→ **WORK TO BE COMPLETED**
Output all of the listing, leaving every line exactly as written.

→ **ENTRIES PROVIDED**

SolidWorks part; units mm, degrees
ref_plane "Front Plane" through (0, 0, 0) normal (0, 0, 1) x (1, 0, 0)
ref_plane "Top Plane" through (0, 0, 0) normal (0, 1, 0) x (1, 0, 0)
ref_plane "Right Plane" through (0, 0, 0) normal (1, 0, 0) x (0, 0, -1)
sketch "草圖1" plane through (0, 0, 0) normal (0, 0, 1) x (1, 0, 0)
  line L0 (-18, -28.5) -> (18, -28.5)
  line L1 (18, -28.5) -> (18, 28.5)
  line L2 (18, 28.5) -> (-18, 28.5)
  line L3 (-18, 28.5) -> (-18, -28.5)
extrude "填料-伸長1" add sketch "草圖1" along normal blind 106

→ **WORKED SOLUTION**
SolidWorks part; units mm, degrees
ref_plane "Front Plane" through (0, 0, 0) normal (0, 0, 1) x (1, 0, 0)
ref_plane "Top Plane" through (0, 0, 0) normal (0, 1, 0) x (1, 0, 0)
ref_plane "Right Plane" through (0, 0, 0) normal (1, 0, 0) x (0, 0, -1)
sketch "草圖1" plane through (0, 0, 0) normal (0, 0, 1) x (1, 0, 0)
  line L0 (-18, -28.5) -> (18, -28.5)
  line L1 (18, -28.5) -> (18, 28.5)
  line L2 (18, 28.5) -> (-18, 28.5)
  line L3 (-18, 28.5) -> (-18, -28.5)
extrude "填料-伸長1" add sketch "草圖1" along normal blind 106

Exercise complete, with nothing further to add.